The plaques of amyloid fibrils are the hallmark of several neurodegenerative diseases, including Alzheimer’s, Parkinson’s, and Huntington’s disease. As our society gets older, these diseases become more widespread, causing immense difficulties not only for patients but also for their close friends and relatives. The selective imaging of amyloid fibrils is therefore crucial for studying the mechanism of their development but has encountered multiple obstacles. A small fluorescent dye developed by scientists from the Institute of Organic Chemistry and Biochemistry of Czech Academy of Sciences and the Faculty of Science of Charles University, led by Dr. Pankaj Gaur, could therefore be a new hope for imaging the amyloid fibrils in living cells.

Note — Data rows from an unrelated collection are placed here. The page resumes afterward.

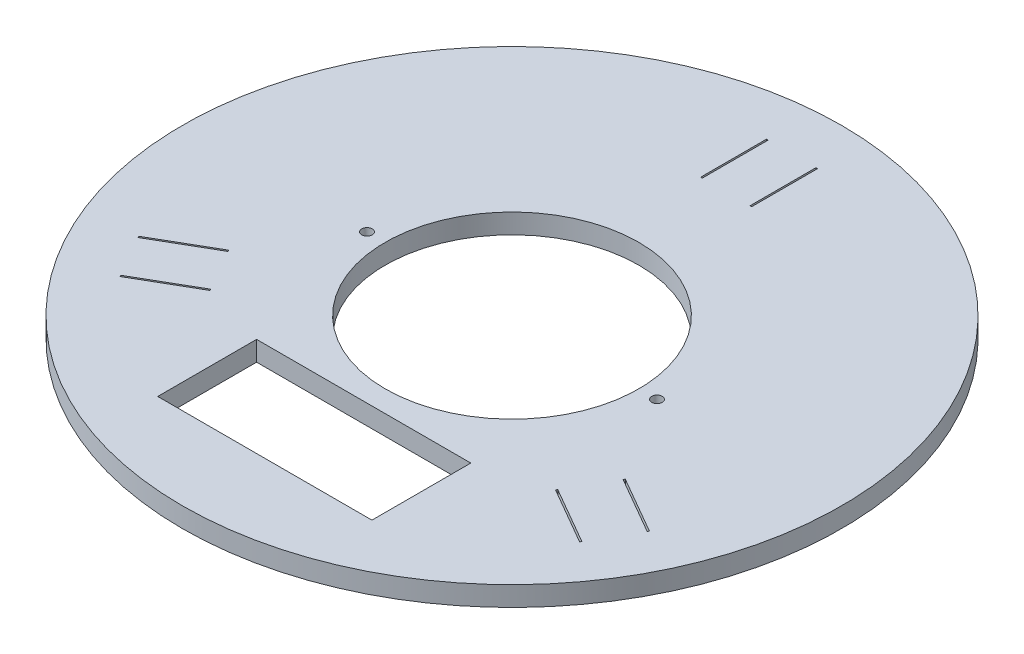
ISO-10303-21;
HEADER;
FILE_DESCRIPTION(('STEP AP214'),'2;1');
FILE_NAME('part.step','',(''),(''),'','','');
FILE_SCHEMA(('AUTOMOTIVE_DESIGN { 1 0 10303 214 1 1 1 1 }'));
ENDSEC;
DATA;
#1=APPLICATION_CONTEXT('core data for automotive mechanical design processes');
#2=APPLICATION_PROTOCOL_DEFINITION('international standard','automotive_design',2000,#1);
#3=PRODUCT_CONTEXT('',#1,'mechanical');
#4=PRODUCT('Part','Part','',(#3));
#5=PRODUCT_RELATED_PRODUCT_CATEGORY('part','',(#4));
#6=PRODUCT_DEFINITION_FORMATION('','',#4);
#7=PRODUCT_DEFINITION_CONTEXT('part definition',#1,'design');
#8=PRODUCT_DEFINITION('design','',#6,#7);
#9=PRODUCT_DEFINITION_SHAPE('','',#8);
#10=(LENGTH_UNIT() NAMED_UNIT(*) SI_UNIT(.MILLI.,.METRE.));
#11=(NAMED_UNIT(*) PLANE_ANGLE_UNIT() SI_UNIT($,.RADIAN.));
#12=(NAMED_UNIT(*) SI_UNIT($,.STERADIAN.) SOLID_ANGLE_UNIT());
#13=UNCERTAINTY_MEASURE_WITH_UNIT(LENGTH_MEASURE(1.E-05),#10,'distance_accuracy_value','');
#14=(GEOMETRIC_REPRESENTATION_CONTEXT(3) GLOBAL_UNCERTAINTY_ASSIGNED_CONTEXT((#13)) GLOBAL_UNIT_ASSIGNED_CONTEXT((#10,
#11,#12)) REPRESENTATION_CONTEXT('',''));
#15=CARTESIAN_POINT('',(0.,0.,0.));
#16=DIRECTION('',(0.,0.,1.));
#17=DIRECTION('',(1.,0.,0.));
#18=AXIS2_PLACEMENT_3D('',#15,#16,#17);
#19=CARTESIAN_POINT('',(0.,6.,0.));
#20=DIRECTION('',(0.,-1.,0.));
#21=DIRECTION('',(0.,0.,-1.));
#22=AXIS2_PLACEMENT_3D('',#19,#20,#21);
#23=CYLINDRICAL_SURFACE('',#22,100.);
#24=CARTESIAN_POINT('',(0.,6.,0.));
#25=DIRECTION('',(0.,1.,0.));
#26=DIRECTION('',(0.,0.,1.));
#27=AXIS2_PLACEMENT_3D('',#24,#25,#26);
#28=CIRCLE('',#27,100.);
#29=CARTESIAN_POINT('',(0.,6.,100.));
#30=VERTEX_POINT('',#29);
#31=EDGE_CURVE('E11',#30,#30,#28,.T.);
#32=ORIENTED_EDGE('',*,*,#31,.F.);
#33=EDGE_LOOP('',(#32));
#34=FACE_BOUND('',#33,.T.);
#35=CARTESIAN_POINT('',(0.,0.,0.));
#36=DIRECTION('',(0.,1.,0.));
#37=DIRECTION('',(0.,0.,1.));
#38=AXIS2_PLACEMENT_3D('',#35,#36,#37);
#39=CIRCLE('',#38,100.);
#40=CARTESIAN_POINT('',(0.,0.,100.));
#41=VERTEX_POINT('',#40);
#42=EDGE_CURVE('E42',#41,#41,#39,.T.);
#43=ORIENTED_EDGE('',*,*,#42,.T.);
#44=EDGE_LOOP('',(#43));
#45=FACE_BOUND('',#44,.T.);
#46=ADVANCED_FACE('F39',(#34,#45),#23,.T.);
#47=CARTESIAN_POINT('',(0.,6.,0.));
#48=DIRECTION('',(0.,1.,0.));
#49=DIRECTION('',(0.,0.,1.));
#50=AXIS2_PLACEMENT_3D('',#47,#48,#49);
#51=PLANE('',#50);
#52=DIRECTION('',(0.,0.,1.));
#53=VECTOR('',#52,1.);
#54=CARTESIAN_POINT('',(-32.5,6.,45.));
#55=LINE('',#54,#53);
#56=CARTESIAN_POINT('',(-32.5,6.,45.));
#57=VERTEX_POINT('',#56);
#58=CARTESIAN_POINT('',(-32.5,6.,75.));
#59=VERTEX_POINT('',#58);
#60=EDGE_CURVE('E53',#57,#59,#55,.T.);
#61=ORIENTED_EDGE('',*,*,#60,.F.);
#62=DIRECTION('',(-1.,0.,0.));
#63=VECTOR('',#62,1.);
#64=CARTESIAN_POINT('',(-32.5,6.,45.));
#65=LINE('',#64,#63);
#66=CARTESIAN_POINT('',(32.5,6.,45.));
#67=VERTEX_POINT('',#66);
#68=EDGE_CURVE('E241',#67,#57,#65,.T.);
#69=ORIENTED_EDGE('',*,*,#68,.F.);
#70=DIRECTION('',(0.,0.,-1.));
#71=VECTOR('',#70,1.);
#72=CARTESIAN_POINT('',(32.5,6.,45.));
#73=LINE('',#72,#71);
#74=CARTESIAN_POINT('',(32.5,6.,75.));
#75=VERTEX_POINT('',#74);
#76=EDGE_CURVE('E244',#75,#67,#73,.T.);
#77=ORIENTED_EDGE('',*,*,#76,.F.);
#78=DIRECTION('',(1.,0.,0.));
#79=VECTOR('',#78,1.);
#80=CARTESIAN_POINT('',(-32.5,6.,75.));
#81=LINE('',#80,#79);
#82=EDGE_CURVE('E250',#59,#75,#81,.T.);
#83=ORIENTED_EDGE('',*,*,#82,.F.);
#84=EDGE_LOOP('',(#61,#69,#77,#83));
#85=FACE_BOUND('',#84,.T.);
#86=CARTESIAN_POINT('',(-44.,6.,0.));
#87=DIRECTION('',(0.,1.,0.));
#88=DIRECTION('',(0.,0.,1.));
#89=AXIS2_PLACEMENT_3D('',#86,#87,#88);
#90=CIRCLE('',#89,1.6);
#91=CARTESIAN_POINT('',(-44.,6.,1.6));
#92=VERTEX_POINT('',#91);
#93=EDGE_CURVE('E264',#92,#92,#90,.T.);
#94=ORIENTED_EDGE('',*,*,#93,.F.);
#95=EDGE_LOOP('',(#94));
#96=FACE_BOUND('',#95,.T.);
#97=CARTESIAN_POINT('',(44.,6.,0.));
#98=DIRECTION('',(0.,1.,0.));
#99=DIRECTION('',(0.,0.,1.));
#100=AXIS2_PLACEMENT_3D('',#97,#98,#99);
#101=CIRCLE('',#100,1.6);
#102=CARTESIAN_POINT('',(44.,6.,1.6));
#103=VERTEX_POINT('',#102);
#104=EDGE_CURVE('E267',#103,#103,#101,.T.);
#105=ORIENTED_EDGE('',*,*,#104,.F.);
#106=EDGE_LOOP('',(#105));
#107=FACE_BOUND('',#106,.T.);
#108=CARTESIAN_POINT('',(0.,6.,0.));
#109=DIRECTION('',(0.,1.,0.));
#110=DIRECTION('',(0.,0.,1.));
#111=AXIS2_PLACEMENT_3D('',#108,#109,#110);
#112=CIRCLE('',#111,38.5);
#113=CARTESIAN_POINT('',(0.,6.,38.5));
#114=VERTEX_POINT('',#113);
#115=EDGE_CURVE('E263',#114,#114,#112,.T.);
#116=ORIENTED_EDGE('',*,*,#115,.F.);
#117=EDGE_LOOP('',(#116));
#118=FACE_BOUND('',#117,.T.);
#119=DIRECTION('',(0.,0.,-1.));
#120=VECTOR('',#119,1.);
#121=CARTESIAN_POINT('',(7.75,6.,-65.));
#122=LINE('',#121,#120);
#123=CARTESIAN_POINT('',(7.75,6.,-65.));
#124=VERTEX_POINT('',#123);
#125=CARTESIAN_POINT('',(7.75,6.,-85.));
#126=VERTEX_POINT('',#125);
#127=EDGE_CURVE('E331',#124,#126,#122,.T.);
#128=ORIENTED_EDGE('',*,*,#127,.F.);
#129=DIRECTION('',(1.,0.,0.));
#130=VECTOR('',#129,1.);
#131=CARTESIAN_POINT('',(7.25,6.,-65.));
#132=LINE('',#131,#130);
#133=CARTESIAN_POINT('',(7.25,6.,-65.));
#134=VERTEX_POINT('',#133);
#135=EDGE_CURVE('E321',#134,#124,#132,.T.);
#136=ORIENTED_EDGE('',*,*,#135,.F.);
#137=DIRECTION('',(0.,0.,1.));
#138=VECTOR('',#137,1.);
#139=CARTESIAN_POINT('',(7.25,6.,-65.));
#140=LINE('',#139,#138);
#141=CARTESIAN_POINT('',(7.25,6.,-85.));
#142=VERTEX_POINT('',#141);
#143=EDGE_CURVE('E324',#142,#134,#140,.T.);
#144=ORIENTED_EDGE('',*,*,#143,.F.);
#145=DIRECTION('',(-1.,0.,0.));
#146=VECTOR('',#145,1.);
#147=CARTESIAN_POINT('',(7.25,6.,-85.));
#148=LINE('',#147,#146);
#149=EDGE_CURVE('E328',#126,#142,#148,.T.);
#150=ORIENTED_EDGE('',*,*,#149,.F.);
#151=EDGE_LOOP('',(#128,#136,#144,#150));
#152=FACE_BOUND('',#151,.T.);
#153=DIRECTION('',(0.500000000000005,0.,-0.866025403784436));
#154=VECTOR('',#153,1.);
#155=CARTESIAN_POINT('',(77.4871593216773,6.,35.7883031206706));
#156=LINE('',#155,#154);
#157=CARTESIAN_POINT('',(77.2371593216773,6.,36.2213158225628));
#158=VERTEX_POINT('',#157);
#159=CARTESIAN_POINT('',(77.4871593216773,6.,35.7883031206706));
#160=VERTEX_POINT('',#159);
#161=EDGE_CURVE('E320',#158,#160,#156,.T.);
#162=ORIENTED_EDGE('',*,*,#161,.F.);
#163=DIRECTION('',(0.866025403784439,0.,0.5));
#164=VECTOR('',#163,1.);
#165=CARTESIAN_POINT('',(59.9166512459885,6.,26.2213158225628));
#166=LINE('',#165,#164);
#167=CARTESIAN_POINT('',(59.9166512459885,6.,26.2213158225628));
#168=VERTEX_POINT('',#167);
#169=EDGE_CURVE('E355',#168,#158,#166,.T.);
#170=ORIENTED_EDGE('',*,*,#169,.F.);
#171=DIRECTION('',(-0.500000000000005,0.,0.866025403784436));
#172=VECTOR('',#171,1.);
#173=CARTESIAN_POINT('',(60.1666512459885,6.,25.7883031206706));
#174=LINE('',#173,#172);
#175=CARTESIAN_POINT('',(60.1666512459885,6.,25.7883031206706));
#176=VERTEX_POINT('',#175);
#177=EDGE_CURVE('E358',#176,#168,#174,.T.);
#178=ORIENTED_EDGE('',*,*,#177,.F.);
#179=DIRECTION('',(-0.866025403784439,0.,-0.5));
#180=VECTOR('',#179,1.);
#181=CARTESIAN_POINT('',(60.1666512459885,6.,25.7883031206706));
#182=LINE('',#181,#180);
#183=EDGE_CURVE('E362',#160,#176,#182,.T.);
#184=ORIENTED_EDGE('',*,*,#183,.F.);
#185=EDGE_LOOP('',(#162,#170,#178,#184));
#186=FACE_BOUND('',#185,.T.);
#187=DIRECTION('',(0.499999999999998,0.,-0.866025403784439));
#188=VECTOR('',#187,1.);
#189=CARTESIAN_POINT('',(69.9871593216773,6.,48.7786841774372));
#190=LINE('',#189,#188);
#191=CARTESIAN_POINT('',(69.7371593216773,6.,49.2116968793294));
#192=VERTEX_POINT('',#191);
#193=CARTESIAN_POINT('',(69.9871593216773,6.,48.7786841774372));
#194=VERTEX_POINT('',#193);
#195=EDGE_CURVE('E354',#192,#194,#190,.T.);
#196=ORIENTED_EDGE('',*,*,#195,.F.);
#197=DIRECTION('',(0.866025403784438,0.,0.5));
#198=VECTOR('',#197,1.);
#199=CARTESIAN_POINT('',(52.4166512459885,6.,39.2116968793294));
#200=LINE('',#199,#198);
#201=CARTESIAN_POINT('',(52.4166512459885,6.,39.2116968793294));
#202=VERTEX_POINT('',#201);
#203=EDGE_CURVE('E387',#202,#192,#200,.T.);
#204=ORIENTED_EDGE('',*,*,#203,.F.);
#205=DIRECTION('',(-0.500000000000005,0.,0.866025403784436));
#206=VECTOR('',#205,1.);
#207=CARTESIAN_POINT('',(52.6666512459885,6.,38.7786841774372));
#208=LINE('',#207,#206);
#209=CARTESIAN_POINT('',(52.6666512459885,6.,38.7786841774372));
#210=VERTEX_POINT('',#209);
#211=EDGE_CURVE('E390',#210,#202,#208,.T.);
#212=ORIENTED_EDGE('',*,*,#211,.F.);
#213=DIRECTION('',(-0.866025403784439,0.,-0.5));
#214=VECTOR('',#213,1.);
#215=CARTESIAN_POINT('',(52.6666512459885,6.,38.7786841774372));
#216=LINE('',#215,#214);
#217=EDGE_CURVE('E394',#194,#210,#216,.T.);
#218=ORIENTED_EDGE('',*,*,#217,.F.);
#219=EDGE_LOOP('',(#196,#204,#212,#218));
#220=FACE_BOUND('',#219,.T.);
#221=DIRECTION('',(0.499999999999998,0.,0.866025403784439));
#222=VECTOR('',#221,1.);
#223=CARTESIAN_POINT('',(-69.7371593216772,6.,49.2116968793294));
#224=LINE('',#223,#222);
#225=CARTESIAN_POINT('',(-69.9871593216772,6.,48.7786841774372));
#226=VERTEX_POINT('',#225);
#227=CARTESIAN_POINT('',(-69.7371593216772,6.,49.2116968793294));
#228=VERTEX_POINT('',#227);
#229=EDGE_CURVE('E386',#226,#228,#224,.T.);
#230=ORIENTED_EDGE('',*,*,#229,.F.);
#231=DIRECTION('',(-0.866025403784438,0.,0.5));
#232=VECTOR('',#231,1.);
#233=CARTESIAN_POINT('',(-52.6666512459885,6.,38.7786841774372));
#234=LINE('',#233,#232);
#235=CARTESIAN_POINT('',(-52.6666512459885,6.,38.7786841774372));
#236=VERTEX_POINT('',#235);
#237=EDGE_CURVE('E417',#236,#226,#234,.T.);
#238=ORIENTED_EDGE('',*,*,#237,.F.);
#239=DIRECTION('',(-0.499999999999998,0.,-0.866025403784439));
#240=VECTOR('',#239,1.);
#241=CARTESIAN_POINT('',(-52.4166512459885,6.,39.2116968793294));
#242=LINE('',#241,#240);
#243=CARTESIAN_POINT('',(-52.4166512459885,6.,39.2116968793294));
#244=VERTEX_POINT('',#243);
#245=EDGE_CURVE('E420',#244,#236,#242,.T.);
#246=ORIENTED_EDGE('',*,*,#245,.F.);
#247=DIRECTION('',(0.866025403784438,0.,-0.5));
#248=VECTOR('',#247,1.);
#249=CARTESIAN_POINT('',(-52.4166512459885,6.,39.2116968793294));
#250=LINE('',#249,#248);
#251=EDGE_CURVE('E424',#228,#244,#250,.T.);
#252=ORIENTED_EDGE('',*,*,#251,.F.);
#253=EDGE_LOOP('',(#230,#238,#246,#252));
#254=FACE_BOUND('',#253,.T.);
#255=DIRECTION('',(0.499999999999998,0.,0.866025403784439));
#256=VECTOR('',#255,1.);
#257=CARTESIAN_POINT('',(-77.2371593216773,6.,36.2213158225629));
#258=LINE('',#257,#256);
#259=CARTESIAN_POINT('',(-77.4871593216773,6.,35.7883031206706));
#260=VERTEX_POINT('',#259);
#261=CARTESIAN_POINT('',(-77.2371593216773,6.,36.2213158225629));
#262=VERTEX_POINT('',#261);
#263=EDGE_CURVE('E297',#260,#262,#258,.T.);
#264=ORIENTED_EDGE('',*,*,#263,.F.);
#265=DIRECTION('',(-0.866025403784438,0.,0.5));
#266=VECTOR('',#265,1.);
#267=CARTESIAN_POINT('',(-60.1666512459885,6.,25.7883031206706));
#268=LINE('',#267,#266);
#269=CARTESIAN_POINT('',(-60.1666512459885,6.,25.7883031206706));
#270=VERTEX_POINT('',#269);
#271=EDGE_CURVE('E287',#270,#260,#268,.T.);
#272=ORIENTED_EDGE('',*,*,#271,.F.);
#273=DIRECTION('',(-0.500000000000005,0.,-0.866025403784436));
#274=VECTOR('',#273,1.);
#275=CARTESIAN_POINT('',(-59.9166512459885,6.,26.2213158225628));
#276=LINE('',#275,#274);
#277=CARTESIAN_POINT('',(-59.9166512459885,6.,26.2213158225628));
#278=VERTEX_POINT('',#277);
#279=EDGE_CURVE('E290',#278,#270,#276,.T.);
#280=ORIENTED_EDGE('',*,*,#279,.F.);
#281=DIRECTION('',(0.866025403784438,0.,-0.500000000000001));
#282=VECTOR('',#281,1.);
#283=CARTESIAN_POINT('',(-59.9166512459885,6.,26.2213158225628));
#284=LINE('',#283,#282);
#285=EDGE_CURVE('E294',#262,#278,#284,.T.);
#286=ORIENTED_EDGE('',*,*,#285,.F.);
#287=EDGE_LOOP('',(#264,#272,#280,#286));
#288=FACE_BOUND('',#287,.T.);
#289=DIRECTION('',(0.,0.,-1.));
#290=VECTOR('',#289,1.);
#291=CARTESIAN_POINT('',(-7.25,6.,-65.));
#292=LINE('',#291,#290);
#293=CARTESIAN_POINT('',(-7.25,6.,-65.));
#294=VERTEX_POINT('',#293);
#295=CARTESIAN_POINT('',(-7.25,6.,-85.));
#296=VERTEX_POINT('',#295);
#297=EDGE_CURVE('E333',#294,#296,#292,.T.);
#298=ORIENTED_EDGE('',*,*,#297,.F.);
#299=DIRECTION('',(1.,0.,0.));
#300=VECTOR('',#299,1.);
#301=CARTESIAN_POINT('',(-7.75,6.,-65.));
#302=LINE('',#301,#300);
#303=CARTESIAN_POINT('',(-7.75,6.,-65.));
#304=VERTEX_POINT('',#303);
#305=EDGE_CURVE('E442',#304,#294,#302,.T.);
#306=ORIENTED_EDGE('',*,*,#305,.F.);
#307=DIRECTION('',(0.,0.,1.));
#308=VECTOR('',#307,1.);
#309=CARTESIAN_POINT('',(-7.75,6.,-65.));
#310=LINE('',#309,#308);
#311=CARTESIAN_POINT('',(-7.75,6.,-85.));
#312=VERTEX_POINT('',#311);
#313=EDGE_CURVE('E456',#312,#304,#310,.T.);
#314=ORIENTED_EDGE('',*,*,#313,.F.);
#315=DIRECTION('',(-1.,0.,0.));
#316=VECTOR('',#315,1.);
#317=CARTESIAN_POINT('',(-7.75,6.,-85.));
#318=LINE('',#317,#316);
#319=EDGE_CURVE('E453',#296,#312,#318,.T.);
#320=ORIENTED_EDGE('',*,*,#319,.F.);
#321=EDGE_LOOP('',(#298,#306,#314,#320));
#322=FACE_BOUND('',#321,.T.);
#323=ORIENTED_EDGE('',*,*,#31,.T.);
#324=EDGE_LOOP('',(#323));
#325=FACE_BOUND('',#324,.T.);
#326=ADVANCED_FACE('F478',(#85,#96,#107,#118,#152,#186,#220,#254,#288,#322,#325),#51,.T.);
#327=CARTESIAN_POINT('',(0.,0.,0.));
#328=DIRECTION('',(0.,1.,0.));
#329=DIRECTION('',(0.,0.,1.));
#330=AXIS2_PLACEMENT_3D('',#327,#328,#329);
#331=PLANE('',#330);
#332=DIRECTION('',(-1.,0.,0.));
#333=VECTOR('',#332,1.);
#334=CARTESIAN_POINT('',(-32.5,0.,45.));
#335=LINE('',#334,#333);
#336=CARTESIAN_POINT('',(32.5,0.,45.));
#337=VERTEX_POINT('',#336);
#338=CARTESIAN_POINT('',(-32.5,0.,45.));
#339=VERTEX_POINT('',#338);
#340=EDGE_CURVE('E231',#337,#339,#335,.T.);
#341=ORIENTED_EDGE('',*,*,#340,.T.);
#342=DIRECTION('',(0.,0.,1.));
#343=VECTOR('',#342,1.);
#344=CARTESIAN_POINT('',(-32.5,0.,45.));
#345=LINE('',#344,#343);
#346=CARTESIAN_POINT('',(-32.5,0.,75.));
#347=VERTEX_POINT('',#346);
#348=EDGE_CURVE('E225',#339,#347,#345,.T.);
#349=ORIENTED_EDGE('',*,*,#348,.T.);
#350=DIRECTION('',(1.,0.,0.));
#351=VECTOR('',#350,1.);
#352=CARTESIAN_POINT('',(-32.5,0.,75.));
#353=LINE('',#352,#351);
#354=CARTESIAN_POINT('',(32.5,0.,75.));
#355=VERTEX_POINT('',#354);
#356=EDGE_CURVE('E234',#347,#355,#353,.T.);
#357=ORIENTED_EDGE('',*,*,#356,.T.);
#358=DIRECTION('',(0.,0.,-1.));
#359=VECTOR('',#358,1.);
#360=CARTESIAN_POINT('',(32.5,0.,45.));
#361=LINE('',#360,#359);
#362=EDGE_CURVE('E61',#355,#337,#361,.T.);
#363=ORIENTED_EDGE('',*,*,#362,.T.);
#364=EDGE_LOOP('',(#341,#349,#357,#363));
#365=FACE_BOUND('',#364,.T.);
#366=CARTESIAN_POINT('',(-44.,0.,0.));
#367=DIRECTION('',(0.,1.,0.));
#368=DIRECTION('',(0.,0.,1.));
#369=AXIS2_PLACEMENT_3D('',#366,#367,#368);
#370=CIRCLE('',#369,1.6);
#371=CARTESIAN_POINT('',(-44.,0.,1.6));
#372=VERTEX_POINT('',#371);
#373=EDGE_CURVE('E260',#372,#372,#370,.T.);
#374=ORIENTED_EDGE('',*,*,#373,.T.);
#375=EDGE_LOOP('',(#374));
#376=FACE_BOUND('',#375,.T.);
#377=CARTESIAN_POINT('',(44.,0.,0.));
#378=DIRECTION('',(0.,1.,0.));
#379=DIRECTION('',(0.,0.,1.));
#380=AXIS2_PLACEMENT_3D('',#377,#378,#379);
#381=CIRCLE('',#380,1.6);
#382=CARTESIAN_POINT('',(44.,0.,1.6));
#383=VERTEX_POINT('',#382);
#384=EDGE_CURVE('E256',#383,#383,#381,.T.);
#385=ORIENTED_EDGE('',*,*,#384,.T.);
#386=EDGE_LOOP('',(#385));
#387=FACE_BOUND('',#386,.T.);
#388=CARTESIAN_POINT('',(0.,0.,0.));
#389=DIRECTION('',(0.,1.,0.));
#390=DIRECTION('',(0.,0.,1.));
#391=AXIS2_PLACEMENT_3D('',#388,#389,#390);
#392=CIRCLE('',#391,38.5);
#393=CARTESIAN_POINT('',(0.,0.,38.5));
#394=VERTEX_POINT('',#393);
#395=EDGE_CURVE('E272',#394,#394,#392,.T.);
#396=ORIENTED_EDGE('',*,*,#395,.T.);
#397=EDGE_LOOP('',(#396));
#398=FACE_BOUND('',#397,.T.);
#399=DIRECTION('',(1.,0.,0.));
#400=VECTOR('',#399,1.);
#401=CARTESIAN_POINT('',(7.25,0.,-65.));
#402=LINE('',#401,#400);
#403=CARTESIAN_POINT('',(7.25,0.,-65.));
#404=VERTEX_POINT('',#403);
#405=CARTESIAN_POINT('',(7.75,0.,-65.));
#406=VERTEX_POINT('',#405);
#407=EDGE_CURVE('E313',#404,#406,#402,.T.);
#408=ORIENTED_EDGE('',*,*,#407,.T.);
#409=DIRECTION('',(0.,0.,-1.));
#410=VECTOR('',#409,1.);
#411=CARTESIAN_POINT('',(7.75,0.,-65.));
#412=LINE('',#411,#410);
#413=CARTESIAN_POINT('',(7.75,0.,-85.));
#414=VERTEX_POINT('',#413);
#415=EDGE_CURVE('E325',#406,#414,#412,.T.);
#416=ORIENTED_EDGE('',*,*,#415,.T.);
#417=DIRECTION('',(-1.,0.,0.));
#418=VECTOR('',#417,1.);
#419=CARTESIAN_POINT('',(7.25,0.,-85.));
#420=LINE('',#419,#418);
#421=CARTESIAN_POINT('',(7.25,0.,-85.));
#422=VERTEX_POINT('',#421);
#423=EDGE_CURVE('E339',#414,#422,#420,.T.);
#424=ORIENTED_EDGE('',*,*,#423,.T.);
#425=DIRECTION('',(0.,0.,1.));
#426=VECTOR('',#425,1.);
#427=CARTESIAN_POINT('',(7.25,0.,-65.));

Amyloid fibrils are formed by the misfolding of specific proteins inside the cells. Even though their formation is linked to the development of neurodegenerative diseases, their role in the manifestation of these diseases remains unclear. Thus far, it has been possible to study these diseases using a range of imaging techniques (transmission electron microscopy, antibody staining). However, these techniques do not permit imaging of proteins within the living cells. Previously, researchers have attempted to solve the issue using fluorescent proteins fused with amyloid-forming proteins. However, this affects the fibril forming behaviour of the amyloids. To counter this problem, scientists have tried to use nanoparticles or small-molecule dyes but neither was successful.

Human cells stained by RB1 (red) and amyloid-forming protein labelled with a dye (blue). Protein in a pathological fibril form is seen as magenta, the cell membrane as green.
source: SI of the original article

This is because a successful small dye molecule must exhibit several important properties, including 1) substantial selectivity for amyloid fibrils, 2) a substantial difference between fluorescence of the dye and dye bound to proteins, and 3) easy access to cells through cell membranes. Accordingly, RB1 and RB2 dyes have been developed. RB1 displays exceptional fluorescence in the presence of amyloid fibrils due to its high affinity with the amyloids. This can be explained by the shape of the RB1 molecule, which fits perfectly into the hydrophobic pocket of fibrils. This truly exceptional affinity has led scientists to believe that the RB1 molecule will selectively bind to amyloid fibrils, even in a complex cellular environment. This hypothesis has been tested on two human cell lines and was confirmed in both experiments. The dye selectively binds to amyloid fibrils and hence allows high contrast imaging of their formation in living cells.

In addition to the expected effect of dying cytosolic fibrils, the RB1 molecule can also dye nucleoli. The nucleolus is morphologically distinct from the fibrils so the staining of nucleoli can be used as an internal control for the performance of the dye. Moreover, fibrils are never found inside the cell nucleus.

A necessary requirement for any substance used in living cells is low or absent toxicity. Scientists therefore tested the toxicity of RB1 on both cell lines and found that cell viability was largely unaffected by the application of the dye.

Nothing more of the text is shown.